The research was conducted by Quartet’s scientific co-founder, Clifford Woolf, M.D., Ph.D., Professor of Neurology and Neurobiology at Harvard Medical School and Director of the F.M. Kirby Neurobiology Center at Boston Children’s Hospital, and his colleagues. The article was published today in Neuron (Volume 86, Issue 6, June 17, 2015 pp.1393-1406). Key findings of the article include:
- Overexpression of GTP cyclohydrolase 1 (GCH1, the rate limiting enzyme in de novo BH4 synthesis) in peripheral neurons increases BH4 levels leading to increased pain hypersensitivity in mice,
- Peripheral nerve-specific inducible knockout of GCH1 reduces BH4 and reverses painful hypersensitivity,
- Systemic inhibition of sepiapterin reductase (SPR, the final enzyme in the BH4 de novo synthesis pathway) using a small molecule tool compound in multiple preclinical efficacy models reduces elevated BH4 levels in injured neurons and macrophages resulting in an improvement in pain-related behavior, and
- Sepiapterin is a specific, sensitive and quantifiable biomarker of SPR inhibition.

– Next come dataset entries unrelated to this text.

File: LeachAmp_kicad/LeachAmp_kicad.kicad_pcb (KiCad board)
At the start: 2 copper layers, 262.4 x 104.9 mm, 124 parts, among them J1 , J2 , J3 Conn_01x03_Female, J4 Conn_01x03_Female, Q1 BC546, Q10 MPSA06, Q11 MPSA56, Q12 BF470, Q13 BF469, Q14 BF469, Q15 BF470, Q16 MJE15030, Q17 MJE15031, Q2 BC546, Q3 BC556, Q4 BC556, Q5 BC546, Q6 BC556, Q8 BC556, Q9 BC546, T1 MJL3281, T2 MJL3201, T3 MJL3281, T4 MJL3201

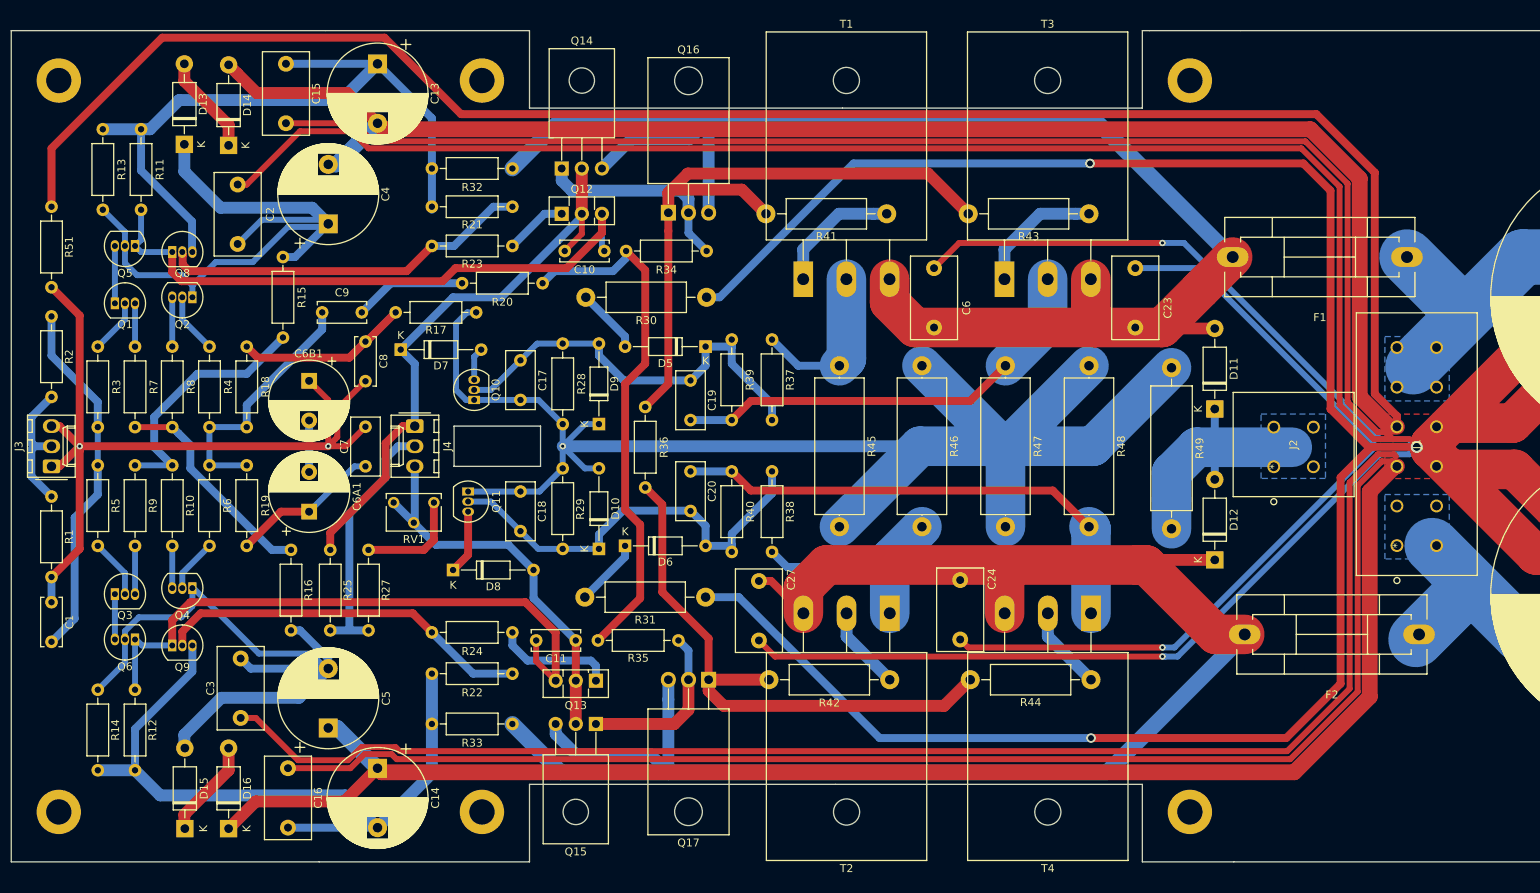
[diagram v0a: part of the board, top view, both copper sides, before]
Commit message: nove_rozmery_soucastek
Nové rozměry součástek hlavně u kondenzátorů
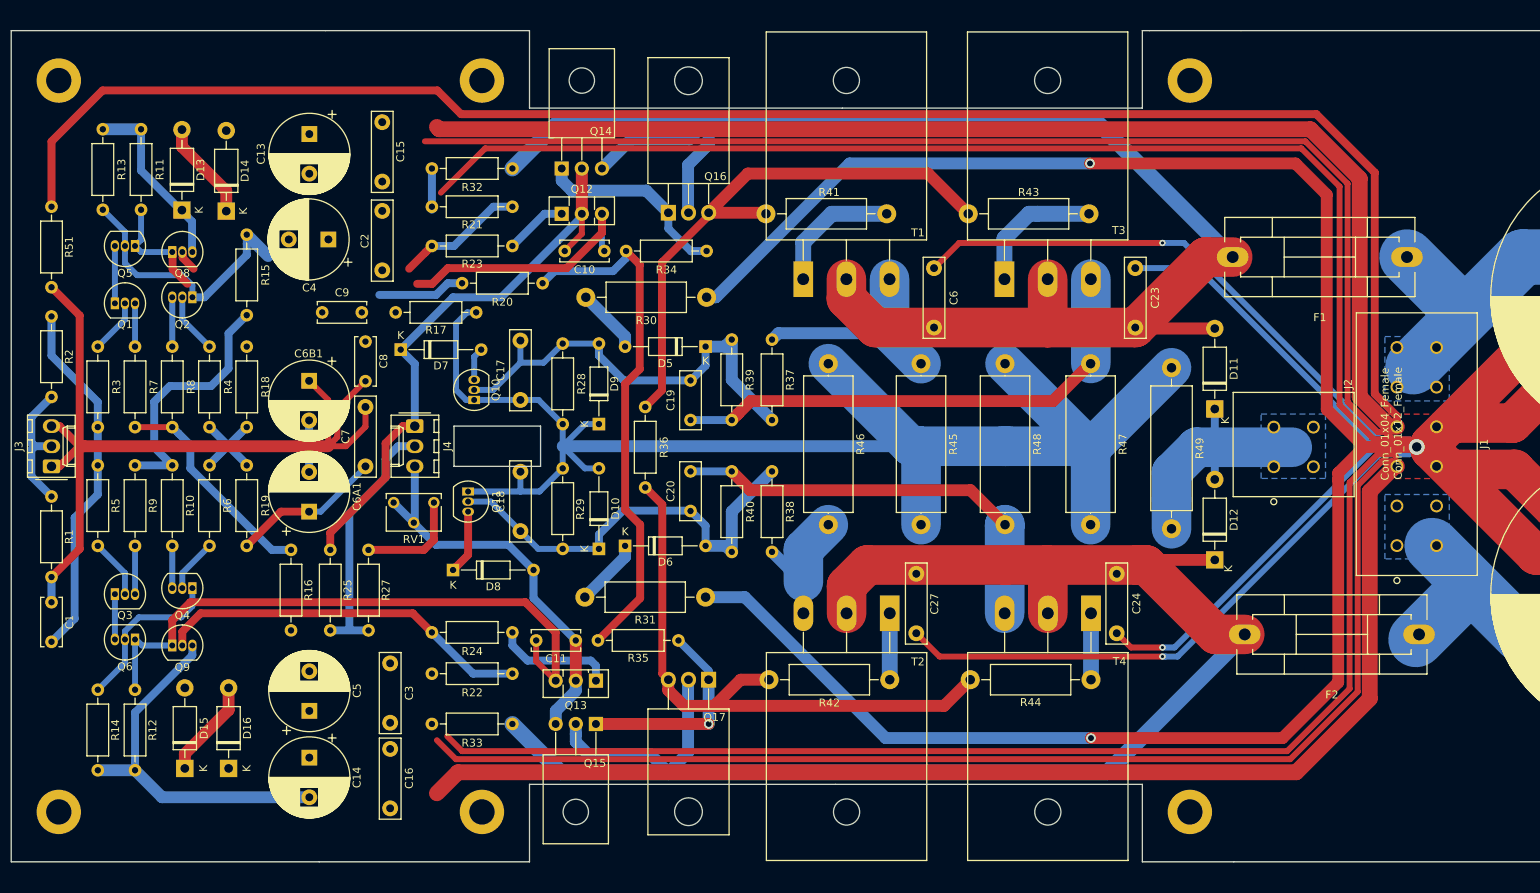
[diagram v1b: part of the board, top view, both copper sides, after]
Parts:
- C13, C14, C4, C5: footprint Capacitor_THT:CP_Radial_D12.5mm_P7.50mm -> Capacitor_THT:CP_Radial_D10.0mm_P5.00mm
- C15, C16, C2, C23, C24, C27, C3, C6: footprint Capacitor_THT:C_Rect_L10.3mm_W5.7mm_P7.50mm_MKS4 -> Capacitor_THT:C_Rect_L10.0mm_W2.5mm_P7.50mm_MKS4
- C17, C18, C7: footprint Capacitor_THT:C_Rect_L7.2mm_W3.5mm_P5.00mm_FKS2_FKP2_MKS2_MKP2 -> Capacitor_THT:C_Rect_L10.0mm_W2.5mm_P7.50mm_MKS4
- C19, C20: footprint Capacitor_THT:C_Rect_L7.2mm_W3.5mm_P5.00mm_FKS2_FKP2_MKS2_MKP2 -> Capacitor_THT:C_Rect_L7.2mm_W2.5mm_P5.00mm_FKS2_FKP2_MKS2_MKP2
- J1: value (none) -> Conn_01x12_Female
- J2: value (none) -> Conn_01x04_Female
- moved C27 19.9 mm to (185.8, 115.0)
- moved C24 19.8 mm to (211.1, 107.5)
- moved C3 18.9 mm to (119.4, 126.3)
- moved C2 18.5 mm to (118.4, 61.7)
- moved C15 14.2 mm to (118.4, 50.5)
- moved C16 13.1 mm to (119.4, 129.6)
- moved C13 12.4 mm to (109.2, 52.0)
- moved R46 11.8 mm to (174.7, 101.3)
- moved R47 10.7 mm to (207.8, 101.3)
- moved R48 10.6 mm to (197.0, 101.3)
- moved R45 10.3 mm to (186.4, 101.3)
- moved C14 8.71 mm to (109.2, 130.7)
- moved D14 8.31 mm to (98.7, 61.8)
- moved D13 8.31 mm to (93.1, 61.6)
- moved D15 7.60 mm to (93.5, 132.1)
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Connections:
- Q15 pad 2: Net-(C11-Pad1) -> Net-(C24-Pad1)
- Q15 pad 3: Net-(C24-Pad1) -> Net-(C11-Pad1)
- Q16 pad 1: Net-(Q16-Pad1) -> Net-(Q14-Pad1)
- Q16 pad 2: Net-(Q14-Pad1) -> Net-(C23-Pad2)
- Q16 pad 3: Net-(C23-Pad2) -> Net-(Q16-Pad3)
- Q17 pad 1: Net-(Q17-Pad1) -> Net-(Q15-Pad1)
- Q17 pad 2: Net-(Q15-Pad1) -> Net-(C24-Pad1)
- Q17 pad 3: Net-(C24-Pad1) -> Net-(Q17-Pad3)
- R36 pad 1: Net-(Q16-Pad1) -> Net-(Q16-Pad3)
- R36 pad 2: Net-(Q17-Pad1) -> Net-(Q17-Pad3)
- R41 pad 1: Net-(Q16-Pad1) -> Net-(Q16-Pad3)
- R42 pad 1: Net-(Q17-Pad1) -> Net-(Q17-Pad3)
- R43 pad 1: Net-(Q16-Pad1) -> Net-(Q16-Pad3)
- R44 pad 1: Net-(Q17-Pad1) -> Net-(Q17-Pad3)
- T1 pad 2: Net-(R37-Pad1) -> Net-(C23-Pad2)
- T1 pad 3: Net-(C23-Pad2) -> Net-(R37-Pad1)
- T2 pad 1: Net-(R38-Pad1) -> Net-(R42-Pad2)
- T2 pad 2: Net-(R42-Pad2) -> Net-(C24-Pad1)
- T2 pad 3: Net-(C24-Pad1) -> Net-(R38-Pad1)
- T3 pad 2: Net-(C19-Pad1) -> Net-(C23-Pad2)
- T3 pad 3: Net-(C23-Pad2) -> Net-(C19-Pad1)
- T4 pad 1: Net-(C20-Pad2) -> Net-(R44-Pad2)
- T4 pad 2: Net-(R44-Pad2) -> Net-(C24-Pad1)
- T4 pad 3: Net-(C24-Pad1) -> Net-(C20-Pad2)
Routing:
- net GND: track 2025.4 -> 1819.3 mm
- net Net-(Q16-Pad1): track 82.9 -> 0.00 mm
- net Net-(Q17-Pad3): track 0.00 -> 75.3 mm
- net Net-(Q16-Pad3): track 0.00 -> 72.0 mm
- net Net-(Q17-Pad1): track 71.8 -> 0.00 mm
- net Net-(C3-Pad2): track 84.5 -> 21.0 mm
- net Net-(C13-Pad1): track 89.1 -> 28.2 mm
- net Net-(C2-Pad2): track 84.1 -> 34.5 mm
- net Net-(C14-Pad2): track 90.6 -> 46.9 mm
- net Net-(C10-Pad2): track 77.0 -> 48.0 mm
- net Net-(Q8-Pad2): track 46.9 -> 19.0 mm
- net Net-(C8-Pad1): track 21.7 -> 0.13 mm
- net Net-(C9-Pad1): track 32.6 -> 13.5 mm
- net Net-(C24-Pad1): track 217.1 -> 205.1 mm
- net Net-(C20-Pad2): track 64.2 -> 53.7 mm
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
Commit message: oprava DPS
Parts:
- moved C4 2.53 mm to (109.2, 66.1), turned to 90 degrees
- moved C13 2.30 mm to (109.2, 49.7)
- moved C15 2.10 mm to (118.4, 48.4)
- moved C2 1.80 mm to (118.4, 59.9)
- moved R11 0.80 mm to (87.2, 51.4)
- moved R13 0.80 mm to (82.3, 51.4)
- moved C14 0.50 mm to (109.2, 131.2)
- moved C16 0.40 mm to (119.4, 130.0)
- moved C3 0.40 mm to (119.4, 125.9)
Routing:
- net GND: track 1819.3 -> 1917.4 mm
- net Net-(C3-Pad2): track 21.0 -> 71.5 mm
- net Net-(C13-Pad1): track 28.2 -> 53.7 mm
- net Net-(C14-Pad2): track 46.9 -> 57.6 mm
- net Net-(C2-Pad2): track 34.5 -> 40.8 mm

These preclinical findings further support the development of BH4 modulators as promising alternatives to existing pain therapies that largely target the central nervous system, and offer a potentially better side effect profile without the risk of addiction.
“These studies from the Woolf Lab and their collaborators expand Quartet’s understanding of BH4’s role in mediating pain and inflammation, and further support the association between the human genetics linking reduced BH4 levels to improved outcomes in chronic pain,” said Kevin Pojasek, Ph.D., Quartet’s President and acting Chief Executive Officer. “The article also underscores sepiapterin reductase as an attractive drug target for the development of a potentially safe and efficacious treatment for chronic pain and inflammation.”
About Tetrahydrobiopterin and its Link to Chronic Pain and Inflammation
The de novo tetrahydrobiopterin (BH4) synthesis pathway has been implicated in a range of chronic human pain and inflammatory conditions. Up-regulation of BH4 synthesis in response to injury or inflammation increases cellular levels of BH4, an important cofactor for several classes of enzymes, resulting in neuronal hypersensitivity and chronic immune cell activation. Multiple human genetic studies have linked a haplotype in the gene encoding GTP cyclohydrolase I, a BH4 synthetic enzyme, to lower BH4 levels and a reduced risk of developing chronic pain after nerve injury or chronic disease. Pharmacological modulation of either GTP cyclohydrolase I or sepiapterin reductase, another enzyme in the BH4 synthesis pathway, safely restores BH4 to normal levels leading to an improvement of pain symptoms in preclinical models.
Quartet is using human genetic and BH4-based biomarker tools, along with preclinical disease models, to select the ideal early clinical proof-of-concept indications for a modulator of the BH4 synthesis pathway. In addition, the company is enabling a translational biomarker strategy for clearly establishing human target engagement early in phase 1 clinical trials. This dual indication discovery and translational biomarker-based approach will help de-risk Quartet’s lead program as it advances through early clinical development.
About Quartet Medicine
Quartet Medicine is a private, biotechnology company focused on discovering and developing novel treatments for chronic pain and inflammation. Human genetics and preclinical target validation data point to increased tetrahydrobiopterin (BH4) as a critical mediator of peripheral nerve dysfunction and immune cell regulation. Quartet is capitalizing on these insights by safely restoring BH4 homeostasis in neuronal and inflammatory cells.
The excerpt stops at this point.